Thankfully, Ward led the horse and wagon from the barn at that point, putting an end to anything more the woman might say.

The boys stuck so close they were almost a part of him. Ward went to the house where Mrs. Wright waited. As he drew closer, the boys put more and more distance between them and their father.

Freyda eased toward the house as well. Ward would need assurance that she would watch his boys carefully.

Ward took Mrs. Wright’s belongings and put them in the wagon then reached out to help her up to the seat, but the woman sniffed and heaved herself upward on her own. She stalled about halfway then yanked her skirts and plunked down heavily on the seat.

Ward climbed up beside her, but didn’t flick the reins or tell the horses to move on. He stared straight ahead, his jaw muscles bunching and unbunching. Then his shoulders rose and fell as if he took in more than the usual amount of air.

“Boys.” He brought his gaze to them. “I’ll be back soon. Be good.”

Milo held Kit’s hand. “Yes, Papa.”

Mrs. Wright snorted, bringing a dark flash to Ward’s eyes. He gave Freyda a look that sent a tremor up her spine. His warning couldn’t have been any clearer. He would not tolerate any harm coming to his boys.

“I have lots of younger cousins, so I’m quite familiar with children.”

His expression didn’t lighten and she knew her information hadn’t impressed him.

Mrs.

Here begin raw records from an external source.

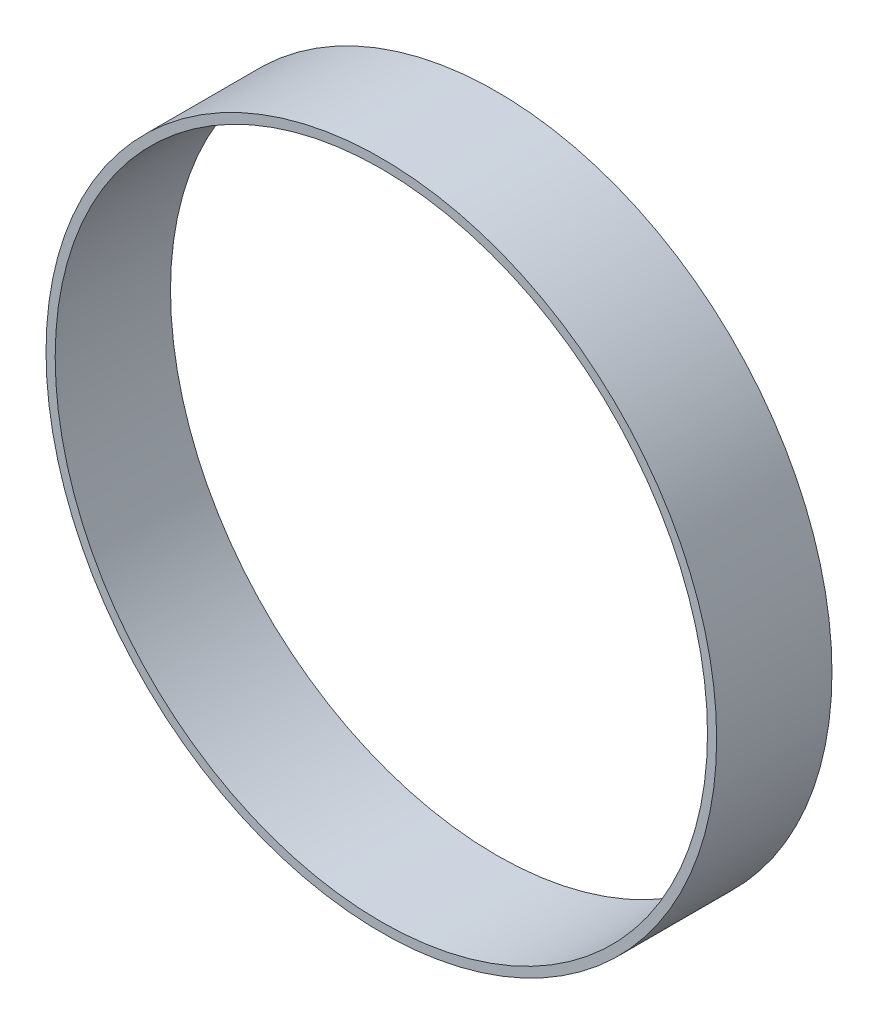
ISO-10303-21;
HEADER;
FILE_DESCRIPTION(('STEP AP214'),'2;1');
FILE_NAME('part.step','',(''),(''),'','','');
FILE_SCHEMA(('AUTOMOTIVE_DESIGN { 1 0 10303 214 1 1 1 1 }'));
ENDSEC;
DATA;
#1=APPLICATION_CONTEXT('core data for automotive mechanical design processes');
#2=APPLICATION_PROTOCOL_DEFINITION('international standard','automotive_design',2000,#1);
#3=PRODUCT_CONTEXT('',#1,'mechanical');
#4=PRODUCT('Part','Part','',(#3));
#5=PRODUCT_RELATED_PRODUCT_CATEGORY('part','',(#4));
#6=PRODUCT_DEFINITION_FORMATION('','',#4);
#7=PRODUCT_DEFINITION_CONTEXT('part definition',#1,'design');
#8=PRODUCT_DEFINITION('design','',#6,#7);
#9=PRODUCT_DEFINITION_SHAPE('','',#8);
#10=(LENGTH_UNIT() NAMED_UNIT(*) SI_UNIT(.MILLI.,.METRE.));
#11=(NAMED_UNIT(*) PLANE_ANGLE_UNIT() SI_UNIT($,.RADIAN.));
#12=(NAMED_UNIT(*) SI_UNIT($,.STERADIAN.) SOLID_ANGLE_UNIT());
#13=UNCERTAINTY_MEASURE_WITH_UNIT(LENGTH_MEASURE(1.E-05),#10,'distance_accuracy_value','');
#14=(GEOMETRIC_REPRESENTATION_CONTEXT(3) GLOBAL_UNCERTAINTY_ASSIGNED_CONTEXT((#13)) GLOBAL_UNIT_ASSIGNED_CONTEXT((#10,
#11,#12)) REPRESENTATION_CONTEXT('',''));
#15=CARTESIAN_POINT('',(0.,0.,0.));
#16=DIRECTION('',(0.,0.,1.));
#17=DIRECTION('',(1.,0.,0.));
#18=AXIS2_PLACEMENT_3D('',#15,#16,#17);
#19=CARTESIAN_POINT('',(0.,0.,5.));
#20=DIRECTION('',(0.,0.,1.));
#21=DIRECTION('',(1.,0.,0.));
#22=AXIS2_PLACEMENT_3D('',#19,#20,#21);
#23=PLANE('',#22);
#24=CARTESIAN_POINT('',(0.,0.,5.));
#25=DIRECTION('',(0.,0.,1.));
#26=DIRECTION('',(1.,0.,0.));
#27=AXIS2_PLACEMENT_3D('',#24,#25,#26);
#28=CIRCLE('',#27,29.075);
#29=CARTESIAN_POINT('',(29.075,0.,5.));
#30=VERTEX_POINT('',#29);
#31=EDGE_CURVE('E11',#30,#30,#28,.T.);
#32=ORIENTED_EDGE('',*,*,#31,.T.);
#33=EDGE_LOOP('',(#32));
#34=FACE_BOUND('',#33,.T.);
#35=CARTESIAN_POINT('',(0.,0.,5.));
#36=DIRECTION('',(0.,0.,1.));
#37=DIRECTION('',(1.,0.,0.));
#38=AXIS2_PLACEMENT_3D('',#35,#36,#37);
#39=CIRCLE('',#38,28.28125);
#40=CARTESIAN_POINT('',(28.28125,0.,5.));
#41=VERTEX_POINT('',#40);
#42=EDGE_CURVE('E47',#41,#41,#39,.T.);
#43=ORIENTED_EDGE('',*,*,#42,.F.);
#44=EDGE_LOOP('',(#43));
#45=FACE_BOUND('',#44,.T.);
#46=ADVANCED_FACE('F36',(#34,#45),#23,.T.);
#47=CARTESIAN_POINT('',(0.,0.,-5.));
#48=DIRECTION('',(0.,0.,1.));
#49=DIRECTION('',(1.,0.,0.));
#50=AXIS2_PLACEMENT_3D('',#47,#48,#49);
#51=PLANE('',#50);
#52=CARTESIAN_POINT('',(0.,0.,-5.));
#53=DIRECTION('',(0.,0.,1.));
#54=DIRECTION('',(1.,0.,0.));
#55=AXIS2_PLACEMENT_3D('',#52,#53,#54);
#56=CIRCLE('',#55,29.075);
#57=CARTESIAN_POINT('',(29.075,0.,-5.));
#58=VERTEX_POINT('',#57);
#59=EDGE_CURVE('E40',#58,#58,#56,.T.);
#60=ORIENTED_EDGE('',*,*,#59,.F.);
#61=EDGE_LOOP('',(#60));
#62=FACE_BOUND('',#61,.T.);
#63=CARTESIAN_POINT('',(0.,0.,-5.));
#64=DIRECTION('',(0.,0.,1.));
#65=DIRECTION('',(1.,0.,0.));
#66=AXIS2_PLACEMENT_3D('',#63,#64,#65);
#67=CIRCLE('',#66,28.28125);
#68=CARTESIAN_POINT('',(28.28125,0.,-5.));
#69=VERTEX_POINT('',#68);
#70=EDGE_CURVE('E49',#69,#69,#67,.T.);
#71=ORIENTED_EDGE('',*,*,#70,.T.);
#72=EDGE_LOOP('',(#71));
#73=FACE_BOUND('',#72,.T.);
#74=ADVANCED_FACE('F59',(#62,#73),#51,.F.);
#75=CARTESIAN_POINT('',(0.,0.,5.));
#76=DIRECTION('',(0.,0.,-1.));
#77=DIRECTION('',(-1.,0.,0.));
#78=AXIS2_PLACEMENT_3D('',#75,#76,#77);
#79=CYLINDRICAL_SURFACE('',#78,29.075);
#80=ORIENTED_EDGE('',*,*,#31,.F.);
#81=EDGE_LOOP('',(#80));
#82=FACE_BOUND('',#81,.T.);
#83=ORIENTED_EDGE('',*,*,#59,.T.);
#84=EDGE_LOOP('',(#83));
#85=FACE_BOUND('',#84,.T.);
#86=ADVANCED_FACE('F38',(#82,#85),#79,.T.);
#87=CARTESIAN_POINT('',(0.,0.,5.));
#88=DIRECTION('',(0.,0.,-1.));
#89=DIRECTION('',(-1.,0.,0.));
#90=AXIS2_PLACEMENT_3D('',#87,#88,#89);
#91=CYLINDRICAL_SURFACE('',#90,28.28125);
#92=ORIENTED_EDGE('',*,*,#42,.T.);
#93=EDGE_LOOP('',(#92));
#94=FACE_BOUND('',#93,.T.);
#95=ORIENTED_EDGE('',*,*,#70,.F.);
#96=EDGE_LOOP('',(#95));
#97=FACE_BOUND('',#96,.T.);
#98=ADVANCED_FACE('F55',(#94,#97),#91,.F.);
#99=CLOSED_SHELL('',(#46,#74,#86,#98));
#100=MANIFOLD_SOLID_BREP('B2',#99);
#101=ADVANCED_BREP_SHAPE_REPRESENTATION('',(#18,#100),#14);
#102=SHAPE_DEFINITION_REPRESENTATION(#9,#101);
ENDSEC;
END-ISO-10303-21;

Wright gave another snort. “I’ll guarantee you have not dealt with children like those two.”

“Enough,” Ward muttered, and flicked the reins.

Freyda and the boys watched the wagon rumble away. As it turned onto the main road, Freyda sucked in a deep breath and faced the boys. “What should we do?”

The pair stared at her, their expressions blank as if they hadn’t heard her.

She chuckled. She had a little cousin who did the same when he didn’t want to do something. “Would you prefer to play by yourselves?”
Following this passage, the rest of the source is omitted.